What are the Knicks fans opinions on Charlie Ward? I ask this because of the rumored trade that has him going to Dallas along with Kurt Thomas for Nick Van Exel.

This is the same Charlie Ward that won the Heisman Trophy at Florida State as a FOOTBALL player.

IMO, he made the right decision playing in the NBA. At least he is still playing as a pro (unlike Andre Ware).


----------



## Fordy74 (May 22, 2002)

Charlie Ward has his moments. I wish he would be aggressive on offense more and look for his shot more. He has a good outside shot and can hit the 3. He is excellent at finishing his drives to the goal. He just goes through long periods of never looking for his shot. He is a serviceable backup and a decent emergency starting PG.


----------



## BreakYaAnkles10 (Jun 11, 2002)

I personally don't want NVE on this team. But Charlie...I'd rather have him then Howard Eisley is all I gotta say. Sadly, we have both of them.


----------



## The Phoenix (Jul 12, 2002)

NVE is risky. I do like Ward.......he has more moments than Eisley, who for some reason, just cant shoot. Plus you could tell that Charlie was a 'Van Gundy' type player


----------



## Dr. J (Jul 12, 2002)

The main problem with Ward is his knees. Actually his contract, and his streaky shooting, his holier than thou preachiness, and his lack of aggressivenes. Sorry, his main problems are..

He is ok. THe Knicks went to the Finals with him as the starting PG. He is a decent defender (takes a lot of charges), can hit the open standing 3 pointer,and does finish well. 
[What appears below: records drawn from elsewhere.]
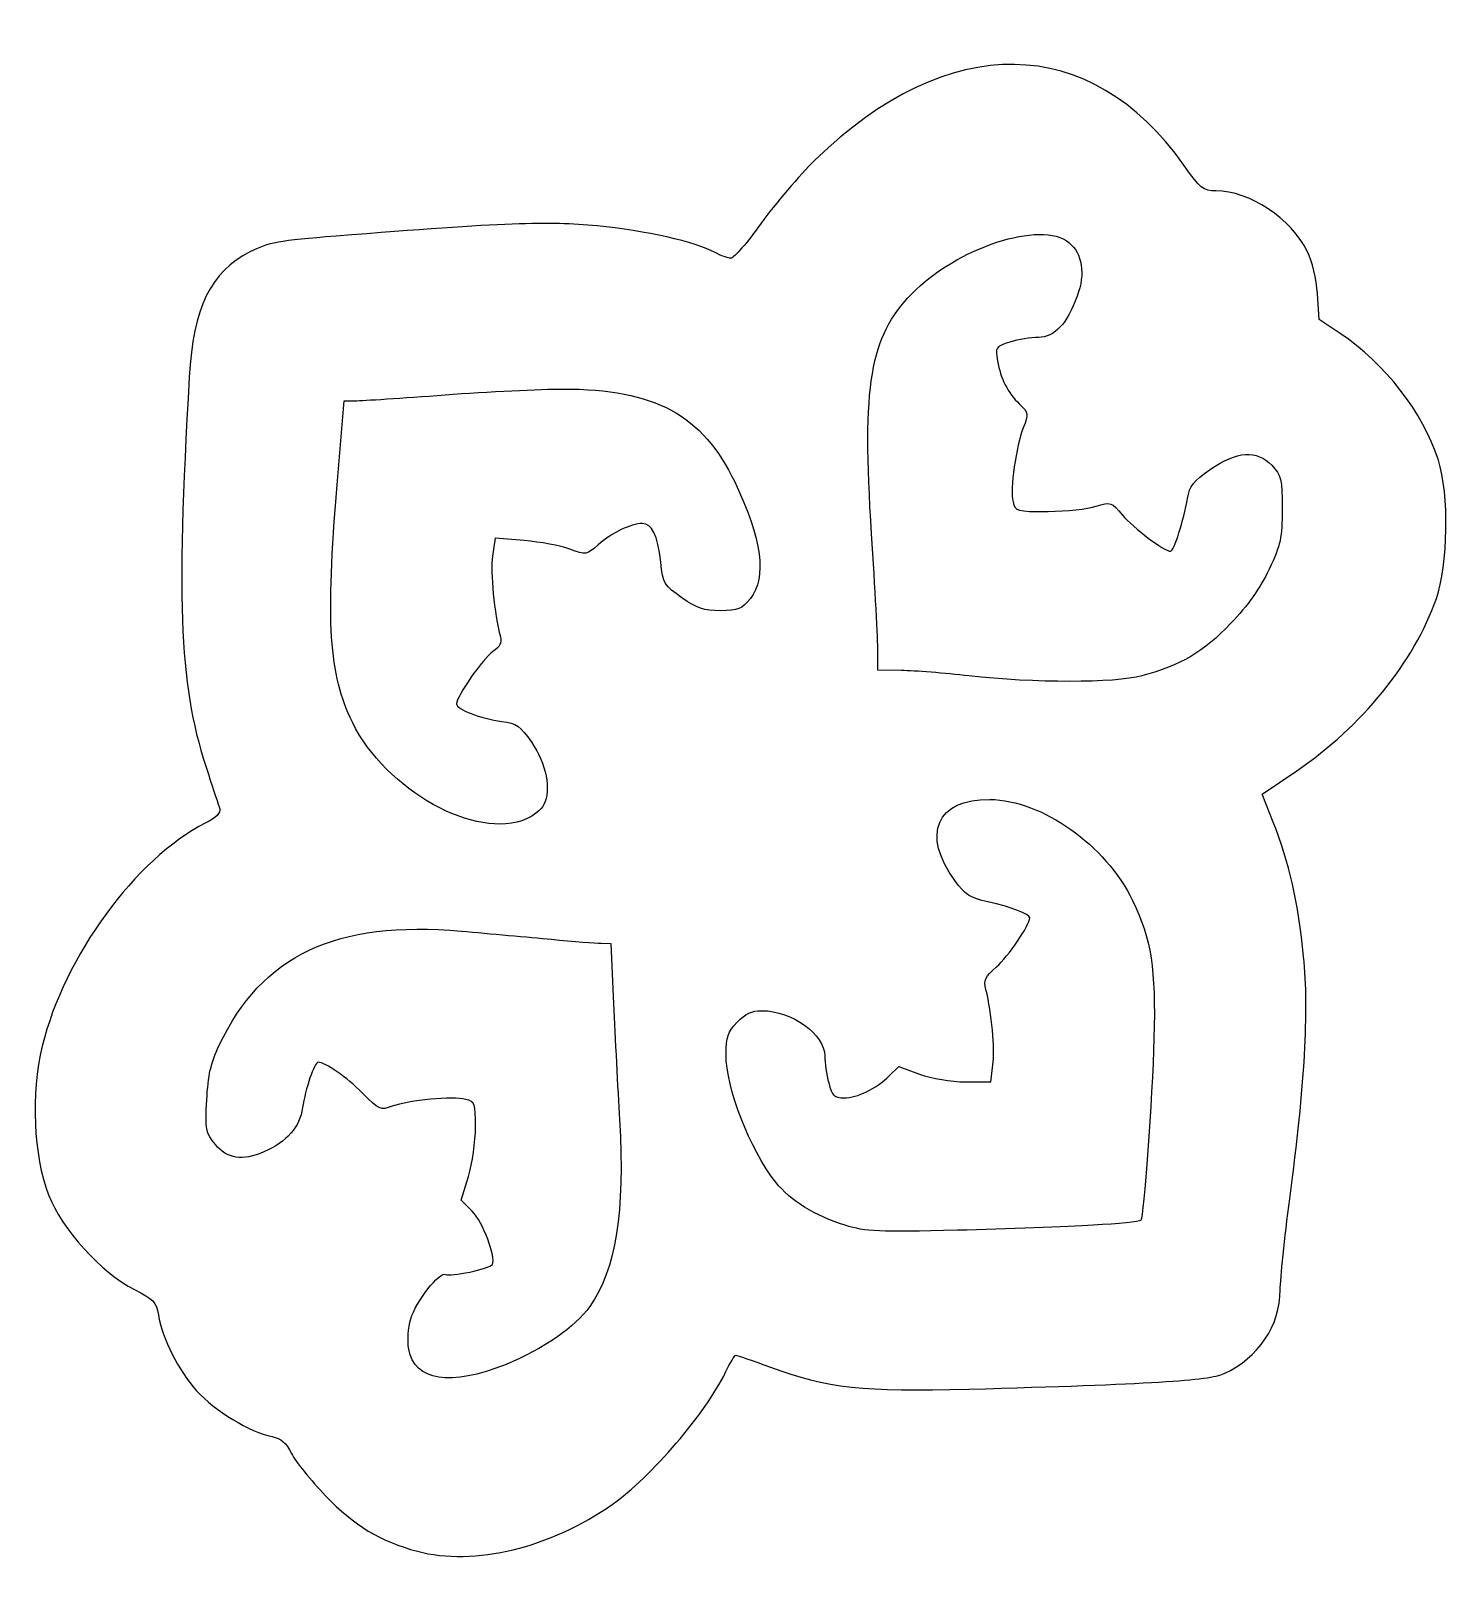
# Model space of a CAD drawing. Header units: centimetres. Extents: x -3.78 to 0.77, y 3.56 to 8.48.
import ezdxf

# ---------------------------------------------------------------- set-up
doc = ezdxf.new("R2010")
doc.units = ezdxf.units.CM
doc.header["$MEASUREMENT"] = 0
doc.layers.add('Layer 1', color=7, linetype='Continuous')

msp = doc.modelspace()

# ---------------------------------------------------------------- linework, layer by layer
at = {"layer": 'Layer 1', "color": 56}
for points, knots in [([(-2.53916, 3.60658), (-2.65792, 3.63808), (-2.74256, 3.68913), (-2.83374, 3.78428), (-2.83374, 3.78428), (-2.88057, 3.83314), (-2.92948, 3.8941), (-2.94243, 3.91974), (-2.94243, 3.91974), (-2.95989, 3.95431), (-2.97605, 3.96834), (-3.00494, 3.97399), (-3.00494, 3.97399), (-3.07595, 3.9879), (-3.18869, 4.05657), (-3.24666, 4.12123), (-3.24666, 4.12123), (-3.30648, 4.18797), (-3.35555, 4.28516), (-3.36925, 4.36402), (-3.36925, 4.36402), (-3.37643, 4.40539), (-3.38522, 4.41472), (-3.4461, 4.44554), (-3.4461, 4.44554), (-3.55222, 4.49928), (-3.67843, 4.63841), (-3.72121, 4.74881), (-3.72121, 4.74881), (-3.77008, 4.87496), (-3.77832, 5.0718), (-3.74116, 5.22552), (-3.74116, 5.22552), (-3.67197, 5.51171), (-3.44194, 5.82656), (-3.2192, 5.93992), (-3.2192, 5.93992), (-3.18369, 5.95799), (-3.16871, 5.97281), (-3.17269, 5.98591), (-3.17269, 5.98591), (-3.17593, 5.99654), (-3.19237, 6.04629), (-3.20923, 6.09647), (-3.20923, 6.09647), (-3.30179, 6.3719), (-3.31363, 6.61867), (-3.27032, 7.36953), (-3.27032, 7.36953), (-3.25746, 7.59245), (-3.20247, 7.7058), (-3.07581, 7.77046), (-3.07581, 7.77046), (-3.01683, 7.80057), (-2.98357, 7.80668), (-2.79963, 7.82115), (-2.79963, 7.82115), (-2.25084, 7.86433), (-2.12353, 7.86929), (-1.96389, 7.85369), (-1.96389, 7.85369), (-1.80758, 7.83841), (-1.64908, 7.80274), (-1.58583, 7.76861), (-1.58583, 7.76861), (-1.56713, 7.75852), (-1.54425, 7.75027), (-1.53499, 7.75027), (-1.53499, 7.75027), (-1.52573, 7.75027), (-1.482, 7.80079), (-1.43781, 7.86253), (-1.43781, 7.86253), (-1.39362, 7.92428), (-1.31573, 8.01546), (-1.26472, 8.06517), (-1.26472, 8.06517), (-0.83982, 8.47924), (-0.38214, 8.47266), (-0.08346, 8.04818), (-0.08346, 8.04818), (-0.03074, 7.97327), (-0.02175, 7.96602), (0.01849, 7.96602), (0.01849, 7.96602), (0.12707, 7.96602), (0.26034, 7.8776), (0.31254, 7.77093), (0.31254, 7.77093), (0.32739, 7.74059), (0.34068, 7.68381), (0.34412, 7.63605), (0.34412, 7.63605), (0.34412, 7.63605), (0.35005, 7.55355), (0.35005, 7.55355), (0.35005, 7.55355), (0.35005, 7.55355), (0.41686, 7.50913), (0.41686, 7.50913), (0.41686, 7.50913), (0.56001, 7.41397), (0.68274, 7.25566), (0.73173, 7.10302), (0.73173, 7.10302), (0.76663, 6.99427), (0.76332, 6.76733), (0.72525, 6.65952), (0.72525, 6.65952), (0.65284, 6.45448), (0.48665, 6.24962), (0.27777, 6.10793), (0.27777, 6.10793), (0.27777, 6.10793), (0.16723, 6.03294), (0.16723, 6.03294), (0.16723, 6.03294), (0.16723, 6.03294), (0.20267, 5.94325), (0.20267, 5.94325), (0.20267, 5.94325), (0.2532, 5.81539), (0.2827, 5.68466), (0.29993, 5.51214), (0.29993, 5.51214), (0.31748, 5.33647), (0.30433, 5.10648), (0.25558, 4.73612), (0.25558, 4.73612), (0.23904, 4.61048), (0.22529, 4.47912), (0.22502, 4.44422), (0.22502, 4.44422), (0.22415, 4.32941), (0.15521, 4.22653), (0.04523, 4.17591), (0.04523, 4.17591), (-0.00312, 4.15365), (-0.19048, 4.14225), (-0.77224, 4.12615), (-0.77224, 4.12615), (-1.11065, 4.11679), (-1.22651, 4.1296), (-1.40811, 4.19649), (-1.40811, 4.19649), (-1.46535, 4.21757), (-1.51525, 4.23482), (-1.519, 4.23482), (-1.519, 4.23482), (-1.52274, 4.23482), (-1.53753, 4.21055), (-1.55186, 4.18088), (-1.55186, 4.18088), (-1.61585, 4.04842), (-1.7894, 3.84595), (-1.91549, 3.75666), (-1.91549, 3.75666), (-2.11156, 3.6178), (-2.35792, 3.55852), (-2.53916, 3.60658)], [0, 0, 0, 0, 0.0243902, 0.0243902, 0.0243902, 0.0243902, 0.0487805, 0.0487805, 0.0487805, 0.0487805, 0.0731707, 0.0731707, 0.0731707, 0.0731707, 0.097561, 0.097561, 0.097561, 0.097561, 0.1219512, 0.1219512, 0.1219512, 0.1219512, 0.1463415, 0.1463415, 0.1463415, 0.1463415, 0.1707317, 0.1707317, 0.1707317, 0.1707317, 0.195122, 0.195122, 0.195122, 0.195122, 0.2195122, 0.2195122, 0.2195122, 0.2195122, 0.2439024, 0.2439024, 0.2439024, 0.2439024, 0.2682927, 0.2682927, 0.2682927, 0.2682927, 0.2926829, 0.2926829, 0.2926829, 0.2926829, 0.3170732, 0.3170732, 0.3170732, 0.3170732, 0.3414634, 0.3414634, 0.3414634, 0.3414634, 0.3658537, 0.3658537, 0.3658537, 0.3658537, 0.3902439, 0.3902439, 0.3902439, 0.3902439, 0.4146341, 0.4146341, 0.4146341, 0.4146341, 0.4390244, 0.4390244, 0.4390244, 0.4390244, 0.4634146, 0.4634146, 0.4634146, 0.4634146, 0.4878049, 0.4878049, 0.4878049, 0.4878049, 0.5121951, 0.5121951, 0.5121951, 0.5121951, 0.5365854, 0.5365854, 0.5365854, 0.5365854, 0.5609756, 0.5609756, 0.5609756, 0.5609756, 0.5853659, 0.5853659, 0.5853659, 0.5853659, 0.6097561, 0.6097561, 0.6097561, 0.6097561, 0.6341463, 0.6341463, 0.6341463, 0.6341463, 0.6585366, 0.6585366, 0.6585366, 0.6585366, 0.6829268, 0.6829268, 0.6829268, 0.6829268, 0.7073171, 0.7073171, 0.7073171, 0.7073171, 0.7317073, 0.7317073, 0.7317073, 0.7317073, 0.7560976, 0.7560976, 0.7560976, 0.7560976, 0.7804878, 0.7804878, 0.7804878, 0.7804878, 0.804878, 0.804878, 0.804878, 0.804878, 0.8292683, 0.8292683, 0.8292683, 0.8292683, 0.8536585, 0.8536585, 0.8536585, 0.8536585, 0.8780488, 0.8780488, 0.8780488, 0.8780488, 0.902439, 0.902439, 0.902439, 0.902439, 0.9268293, 0.9268293, 0.9268293, 0.9268293, 0.9512195, 0.9512195, 0.9512195, 0.9512195, 1, 1, 1, 1]), ([(-0.21836, 6.41195), (-0.09293, 6.44593), (-0.02096, 6.48829), (0.06597, 6.57932), (0.06597, 6.57932), (0.12059, 6.63653), (0.16183, 6.69472), (0.18955, 6.75372), (0.18955, 6.75372), (0.22669, 6.83277), (0.23115, 6.8535), (0.23115, 6.94694), (0.23115, 6.94694), (0.23115, 7.04425), (0.2288, 7.05407), (0.19764, 7.08662), (0.19764, 7.08662), (0.14948, 7.13692), (0.08646, 7.13281), (0.00133, 7.07383), (0.00133, 7.07383), (-0.05329, 7.03599), (-0.0651, 7.0209), (-0.07198, 6.9802), (-0.07198, 6.9802), (-0.08359, 6.91149), (-0.11579, 6.81112), (-0.12623, 6.81112), (-0.12623, 6.81112), (-0.14624, 6.81112), (-0.24576, 6.8859), (-0.27994, 6.92662), (-0.27994, 6.92662), (-0.31588, 6.96944), (-0.31777, 6.97008), (-0.36507, 6.9552), (-0.36507, 6.9552), (-0.39168, 6.94683), (-0.46074, 6.93955), (-0.51855, 6.93901), (-0.51855, 6.93901), (-0.62018, 6.93807), (-0.6239, 6.93906), (-0.6311, 6.96901), (-0.6311, 6.96901), (-0.64086, 7.00957), (-0.6217, 7.14838), (-0.59827, 7.20689), (-0.59827, 7.20689), (-0.58041, 7.25147), (-0.58082, 7.254), (-0.61028, 7.28272), (-0.61028, 7.28272), (-0.64818, 7.31965), (-0.67046, 7.36347), (-0.68091, 7.42161), (-0.68091, 7.42161), (-0.68875, 7.46516), (-0.6876, 7.46689), (-0.64102, 7.48145), (-0.64102, 7.48145), (-0.61464, 7.4897), (-0.57366, 7.49644), (-0.54994, 7.49644), (-0.54994, 7.49644), (-0.49872, 7.49644), (-0.45787, 7.53979), (-0.42535, 7.62865), (-0.42535, 7.62865), (-0.39892, 7.70087), (-0.40888, 7.76507), (-0.45203, 7.80048), (-0.45203, 7.80048), (-0.54055, 7.87314), (-0.81102, 7.78479), (-0.95573, 7.63595), (-0.95573, 7.63595), (-1.08975, 7.49811), (-1.11505, 7.34677), (-1.08426, 6.86726), (-1.08426, 6.86726), (-1.07309, 6.69329), (-1.06399, 6.52383), (-1.06404, 6.49067), (-1.06404, 6.49067), (-1.06404, 6.49067), (-1.06413, 6.43039), (-1.06413, 6.43039), (-1.06413, 6.43039), (-1.06413, 6.43039), (-0.98812, 6.4291), (-0.98812, 6.4291), (-0.98812, 6.4291), (-0.94631, 6.4284), (-0.84916, 6.42065), (-0.77224, 6.41188), (-0.77224, 6.41188), (-0.56408, 6.38815), (-0.30609, 6.38819), (-0.21836, 6.41195)], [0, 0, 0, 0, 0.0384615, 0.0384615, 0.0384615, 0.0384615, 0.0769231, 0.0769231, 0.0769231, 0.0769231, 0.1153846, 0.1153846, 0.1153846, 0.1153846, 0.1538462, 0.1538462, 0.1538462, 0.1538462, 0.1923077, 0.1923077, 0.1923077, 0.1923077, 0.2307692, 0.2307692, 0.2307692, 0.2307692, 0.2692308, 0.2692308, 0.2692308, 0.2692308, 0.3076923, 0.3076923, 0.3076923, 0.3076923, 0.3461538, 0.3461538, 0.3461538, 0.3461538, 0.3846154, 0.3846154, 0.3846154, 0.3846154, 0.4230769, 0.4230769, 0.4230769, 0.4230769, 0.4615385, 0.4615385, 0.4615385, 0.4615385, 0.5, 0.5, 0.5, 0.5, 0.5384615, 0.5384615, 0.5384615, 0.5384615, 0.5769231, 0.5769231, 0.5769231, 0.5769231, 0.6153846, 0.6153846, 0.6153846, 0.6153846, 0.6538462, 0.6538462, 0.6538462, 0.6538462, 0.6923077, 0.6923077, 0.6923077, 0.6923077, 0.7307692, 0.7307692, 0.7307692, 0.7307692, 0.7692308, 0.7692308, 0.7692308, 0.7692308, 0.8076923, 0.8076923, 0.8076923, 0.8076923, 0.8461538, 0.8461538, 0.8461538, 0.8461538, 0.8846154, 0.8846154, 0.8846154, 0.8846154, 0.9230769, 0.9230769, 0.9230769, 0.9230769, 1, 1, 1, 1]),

I would prefer the Knicks to keep him rather than trade him and Thomas. We need to use the exemption on a center and really need Thomas to play 25-30 minutes backup and as insurance against McDyess.


----------



## The Phoenix (Jul 12, 2002)

Yeah, and I think becuz of the on again off again PG PT situation went on last season Charlie's stats and effectiveness went down understandably from that. IF we dont get a PG (i hope we dont and just concentrate on a center or 2), i could see Ward starting over Williams at first.


----------